А в это время мимо меня один за другим перемахали через перемычку три прибылых и ушли в Любеньку. Каждому из них, снимая шапку, я кланялся и ругал при этом себя, как только может ругаться охотник, сотворивший такую подлую штуку. Наконец, отправился за своими охотниками и дорогой все «прибирал»:

— Черт! Белоручка! Ручкам холодно собак на свору взять, сидел бы дома, коли больно нежен…

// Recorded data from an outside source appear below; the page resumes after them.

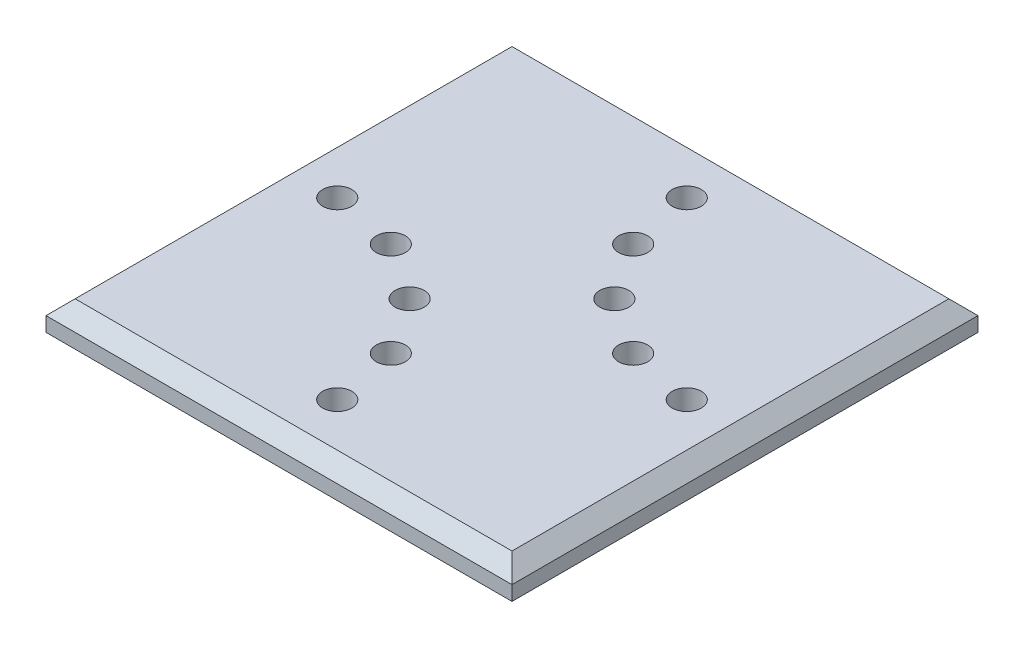
SolidWorks part; units mm, degrees
material "Al - 6061 Polished"
ref_plane "Front Plane" through (0, 0, 0) normal (0, 0, 1) x (1, 0, 0)
ref_plane "Top Plane" through (0, 0, 0) normal (0, 1, 0) x (1, 0, 0)
ref_plane "Right Plane" through (0, 0, 0) normal (1, 0, 0) x (0, 0, -1)
sketch "Sketch1" plane through (0, 0, 0) normal (0, 1, 0) x (1, 0, 0)
  line L2 (-50.8, -50.8) -> (50.8, -50.8)
  line L3 (-50.8, -50.8) -> (-50.8, 50.8)
  line L4 (-50.8, 50.8) -> (50.8, 50.8)
  line L5 (50.8, -50.8) -> (50.8, 50.8)
  line L6 (-50.8, -50.8) -> (50.8, 50.8) construction
  line L7 (-50.8, 50.8) -> (50.8, -50.8) construction
  point P2 (0, 0)
  dimension "D1" = 101.6
extrude "Boss-Extrude1" add sketch "Sketch1" along normal blind 9.525
sketch "Sketch2" plane through (0, 0, 0) normal (0, -1, 0) x (1, 0, 0)
  line L0 (47.498, 47.498) -> (-47.498, 47.498)
  line L1 (-47.498, 47.498) -> (-47.498, -47.498)
  line L2 (-47.498, -47.498) -> (47.498, -47.498)
  line L3 (47.498, -47.498) -> (47.498, 47.498)
  line L4 (50.8, -50.8) -> (50.8, 50.8)
  line L5 (50.8, 50.8) -> (-50.8, 50.8)
  line L6 (-50.8, 50.8) -> (-50.8, -50.8)
  line L7 (-50.8, -50.8) -> (50.8, -50.8)
  line L8 (50.8, -50.8) -> (50.8, 50.8)
  line L9 (50.8, 50.8) -> (-50.8, 50.8)
  line L10 (-50.8, 50.8) -> (-50.8, -50.8)
  line L11 (-50.8, -50.8) -> (50.8, -50.8)
  dimension "D1" = 0
  dimension "D2" = 3.302
extrude "Cut-Extrude1" cut sketch "Sketch2" against normal blind 3.175
chamfer "Chamfer1" distance 3.175 angle 45 4 edges at (0, 9.525, 50.8) (-50.8, 9.525, 0) (0, 9.525, -50.8) (50.8, 9.525, 0)
sketch "Sketch3" [suppressed] plane through (0, 9.525, 0) normal (0, 1, 0) x (1, 0, 0)
  line L0 (50.8, 50.8) -> (38.1, -38.1) construction
  line L1 (38.1, -38.1) -> (50.8, 50.8) construction
  line L2 (50.8, 50.8) -> (-38.1, 38.1) construction
  line L3 (38.1, 38.1) -> (38.1, -38.1) construction
  line L4 (38.1, 38.1) -> (38.1, -38.1) construction
  line L5 (38.1, -38.1) -> (114.3, -38.1) construction
  line L6 (38.1, -38.1) -> (38.1, 38.1) construction
  line L7 (38.1, -38.1) -> (21.1439, 36.1895) construction
  line L8 (-38.1, 38.1) -> (-38.1, -38.1) construction
  line L9 (-38.1, 38.1) -> (-21.1439, -36.1895) construction
  circle A0 centre (38.1, -38.1) radius 76.2 construction
  circle A3 centre (38.1, 38.1) radius 3.175 construction
  circle A4 centre (-38.1, 38.1) radius 76.2 construction
  circle A5 centre (21.1439, 36.1895) radius 3.175
  circle A6 centre (5.0381, 30.5538) radius 3.175
  circle A7 centre (-9.4099, 21.4756) radius 3.175
  circle A8 centre (-21.4756, 9.4099) radius 3.175
  circle A9 centre (-30.5538, -5.0381) radius 3.175
  circle A10 centre (-36.1895, -21.1439) radius 3.175
  circle A11 centre (-38.1, -38.1) radius 3.175
  circle A12 centre (-21.1439, -36.1895) radius 3.175
  circle A13 centre (-5.0381, -30.5538) radius 3.175
  circle A14 centre (9.4099, -21.4756) radius 3.175
  circle A15 centre (21.4756, -9.4099) radius 3.175
  circle A16 centre (30.5538, 5.0381) radius 3.175
  circle A17 centre (36.1895, 21.1439) radius 3.175
  circle A18 centre (38.1, 38.1) radius 3.175
  dimension "D5" = 152.4
  dimension "D6" = 6.35
  dimension "D1" = 88.9
  dimension "D2" = 12.7
  dimension "D3" = 88.9
  dimension "D4" = 12.7
  dimension "D7" = 90
  dimension "D9" = 12.857
  dimension "D11" = 12.857
  dimension "D8" = 8
  dimension "D10" = 8
extrude "Diana Hole Pattern" [suppressed] cut sketch "Sketch3" against normal through all
sketch "Sketch9" [suppressed] plane through (0, 0, 0) normal (0, 1, 0) x (1, 0, 0)
  circle A0 centre (0, 0) radius 3.175
  circle A11 centre (19.05, 0) radius 3.175
  circle A12 centre (0, -19.05) radius 3.175
  circle A13 centre (-19.05, 0) radius 3.175
  circle A14 centre (0, 19.05) radius 3.175
  circle A16 centre (38.1, 0) radius 3.175
  circle A17 centre (26.9408, -26.9408) radius 3.175
  circle A18 centre (0, -38.1) radius 3.175
  circle A19 centre (-26.9408, -26.9408) radius 3.175
  circle A20 centre (-38.1, 0) radius 3.175
  circle A21 centre (-26.9408, 26.9408) radius 3.175
  circle A22 centre (0, 38.1) radius 3.175
  circle A23 centre (26.9408, 26.9408) radius 3.175
  point P14 (0, 0)
  point P15 (0, 0)
  dimension "D1" = 6.35
  dimension "D3" = 4
  dimension "D2" = 19.05
  dimension "D4" = 38.1
  dimension "D5" = 8
sketch "Sketch10" [suppressed] plane through (0, 0, 0) normal (0, -1, 0) x (1, 0, 0)
extrude "Cut-Extrude3" [suppressed] cut sketch "Sketch9" along normal blind 55.118
sketch "Sketch11" plane through (0, 9.525, 0) normal (0, 1, 0) x (1, 0, 0)
  line L2 (50.8, 50.8) -> (50.8, -50.8) construction
  line L3 (-50.8, 50.8) -> (50.8, 50.8) construction
  line L4 (-38.1, -38.1) -> (0, 0) construction
  line L5 (-23.5198, -2.9002) -> (-38.1, -38.1) construction
  line L6 (-38.1, -38.1) -> (-2.9002, -23.5198) construction
  line L7 (-38.1, -38.1) -> (-38.1, 0) construction
  line L8 (-38.1, -38.1) -> (0, -38.1) construction
  line L9 (-47.625, 47.625) -> (47.625, -47.625) construction
  circle A1 centre (-38.1, -38.1) radius 3.175 construction
  circle A2 centre (-38.1, 0) radius 3.175
  circle A3 centre (0, -38.1) radius 3.175
  circle A4 centre (-11.1592, -11.1592) radius 3.175
  circle A5 centre (-38.1, -38.1) radius 38.1 construction
  circle A6 centre (-23.5198, -2.9002) radius 3.175
  circle A8 centre (-2.9002, -23.5198) radius 3.175
  circle A9 centre (38.1, 0) radius 3.175
  circle A10 centre (23.5198, 2.9002) radius 3.175
  circle A11 centre (11.1592, 11.1592) radius 3.175
  circle A12 centre (2.9002, 23.5198) radius 3.175
  circle A13 centre (0, 38.1) radius 3.175
  dimension "D1" = 88.9
  dimension "D2" = 6.35
  dimension "D6" = 38.1
  dimension "D7" = 45
  dimension "D3" = 88.9
  dimension "D4" = 38.1
  dimension "D5" = 38.1
  dimension "D8" = 22.5
extrude "Cut-Extrude4" cut sketch "Sketch11" against normal through all and the other way through all
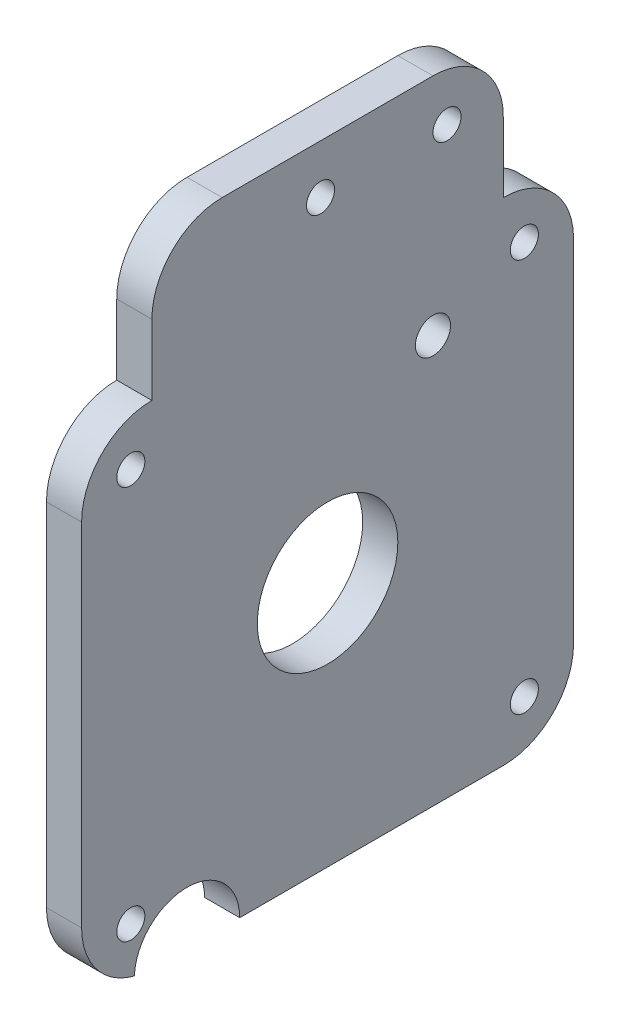
SolidWorks part; units mm, degrees
ref_plane "Alzado" through (0, 0, 0) normal (0, 0, 1) x (1, 0, 0)
ref_plane "Planta" through (0, 0, 0) normal (0, 1, 0) x (1, 0, 0)
ref_plane "Vista lateral" through (0, 0, 0) normal (1, 0, 0) x (0, 0, -1)
sketch "Croquis1" plane through (0, 0, 0) normal (1, 0, 0) x (0, 0, -1)
  line L0 (35, 70) -> (35, 35) construction
  line L1 (10, 0) -> (60, 0)
  line L2 (0, 10) -> (0, 60)
  line L3 (60, 70) -> (10, 70) construction
  line L4 (70, 10) -> (70, 60)
  line L5 (0, 35) -> (35, 35) construction
  line L8 (60, 70) -> (60, 80)
  line L9 (50, 90) -> (20, 90)
  line L10 (10, 70) -> (10, 80)
  arc A0 (10, 0) -> (0, 10) centre (10, 10) cw
  arc A1 (60, 0) -> (70, 10) centre (60, 10) ccw
  arc A2 (60, 70) -> (70, 60) centre (60, 60) cw
  arc A3 (0, 60) -> (10, 70) centre (10, 60) cw
  circle A4 centre (7, 63) radius 2
  circle A5 centre (63, 63) radius 2
  circle A6 centre (63, 7) radius 2
  circle A7 centre (7, 7) radius 2
  circle A8 centre (35, 35) radius 10
  arc A9 (20, 90) -> (10, 80) centre (20, 80) ccw
  arc A10 (60, 80) -> (50, 90) centre (50, 80) ccw
  point P7 (0, 0)
  point P12 (70, 70)
  point P15 (0, 70)
  point P34 (60, 90)
  dimension "D3" = 10
  dimension "D4" = 4
  dimension "D7" = 20
  dimension "D9" = 10
  dimension "D1" = 70
  dimension "D2" = 70
  dimension "D5" = 35
  dimension "D6" = 7
  dimension "D8" = 20
  dimension "D10" = 35
extrude "Saliente-Extruir1" add sketch "Croquis1" along normal blind 5
sketch "Croquis2" plane through (5, 0, 0) normal (1, 0, 0) x (0, 0, -1)
  line L0 (60, 70) -> (10, 70) construction
  line L1 (52, 83) -> (34, 83) construction
  line L2 (10, 0) -> (60, 0) construction
  line L3 (0, 60) -> (0, 10) construction
  line L4 (35, 35) -> (35, 70) construction
  line L5 (60, 70) -> (60, 80) construction
  circle A0 centre (15, 0) radius 7.5
  circle A1 centre (50, 58) radius 2.5
  arc A2 (10, 70) -> (0, 60) centre (10, 60) ccw construction
  circle A3 centre (52, 83) radius 2
  circle A4 centre (34, 83) radius 2
  dimension "D1" = 15
  dimension "D3" = 5
  dimension "D5" = 23
  dimension "D6" = 4
  dimension "D7" = 4
  dimension "D2" = 15
  dimension "D4" = 15
  dimension "D8" = 18
  dimension "D9" = 8
  dimension "D10" = 13
extrude "Cortar-Extruir1" cut sketch "Croquis2" against normal blind 10
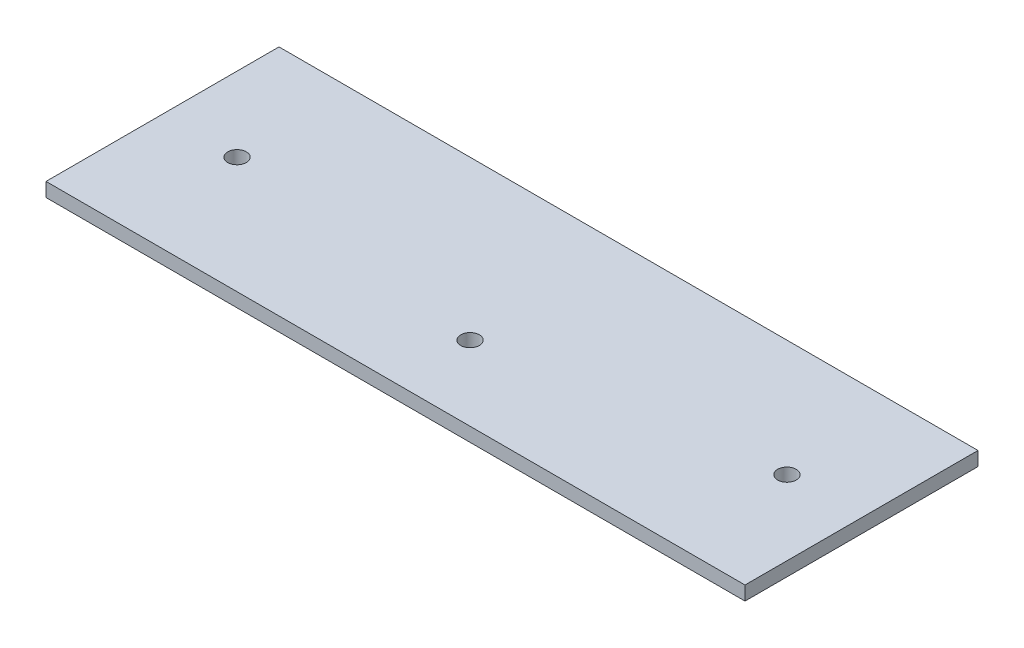
SolidWorks part; units mm, degrees
ref_plane "Front" through (0, 0, 0) normal (0, 0, 1) x (1, 0, 0)
ref_plane "Top" through (0, 0, 0) normal (0, 1, 0) x (1, 0, 0)
ref_plane "Right" through (0, 0, 0) normal (1, 0, 0) x (0, 0, -1)
sketch "Sketch1" plane through (0, 0, 0) normal (0, 1, 0) x (1, 0, 0)
  line L1 (75, 25) -> (-75, 25)
  line L2 (75, 25) -> (75, -25)
  line L3 (75, -25) -> (-75, -25)
  line L4 (-75, 25) -> (-75, -25)
  line L5 (75, 25) -> (-75, -25) construction
  line L6 (75, -25) -> (-75, 25) construction
  point P0 (0, 0)
  dimension "D1" = 50
  dimension "D2" = 150
extrude "Boss-Extrude1" add sketch "Sketch1" along normal blind 3
sketch "Sketch2" plane through (0, 3, 0) normal (0, 1, 0) x (1, 0, 0)
  line L0 (75, -25) -> (75, 25) construction
  circle A0 centre (59, 0) radius 2
  point P4 (75, 0)
  dimension "D1" = 4
  dimension "D2" = 16
extrude "Cut-Extrude1" cut sketch "Sketch2" against normal up to next (3 mm away)
mirror "Mirror1" about plane through (0, 0, 0) normal (1, 0, 0) of "Cut-Extrude1"
sketch "Sketch3" plane through (0, 3, 0) normal (0, 1, 0) x (1, 0, 0)
  line L0 (-75, -25) -> (75, -25) construction
  circle A0 centre (0, -9) radius 2
  point P5 (0, 0)
  dimension "D1" = 4
  dimension "D2" = 16
extrude "Cut-Extrude2" cut sketch "Sketch3" against normal up to next

И так далее и тому подобное…

Навстречу мне явились с виноватым видом Подруга, Награждай и Обрывай; досталось и им, впрочем, на словах только, потому что кругом виноват был я. Пока перескакали, сбили стаю и возвратились назад, я все кипел, кипел, и только здоровый мороз и поднявшаяся метель с поземкой несколько меня остудили, и я, обругав себя в последний раз уже с меньшей злобой, отправился на рысях домой.

Это было мое последнее поле в прошлую осень, но сохрани меня Бог в другой раз от такого скверного окончания. Впрочем в декабре по образовавшемуся насту в «набежку» я затравил Подругой в одиночку двух русаков и хоть этим загладил неприятное впечатление неудачи на охоте.

Д. Вальцов, с. Бесово, февраль 1881 г.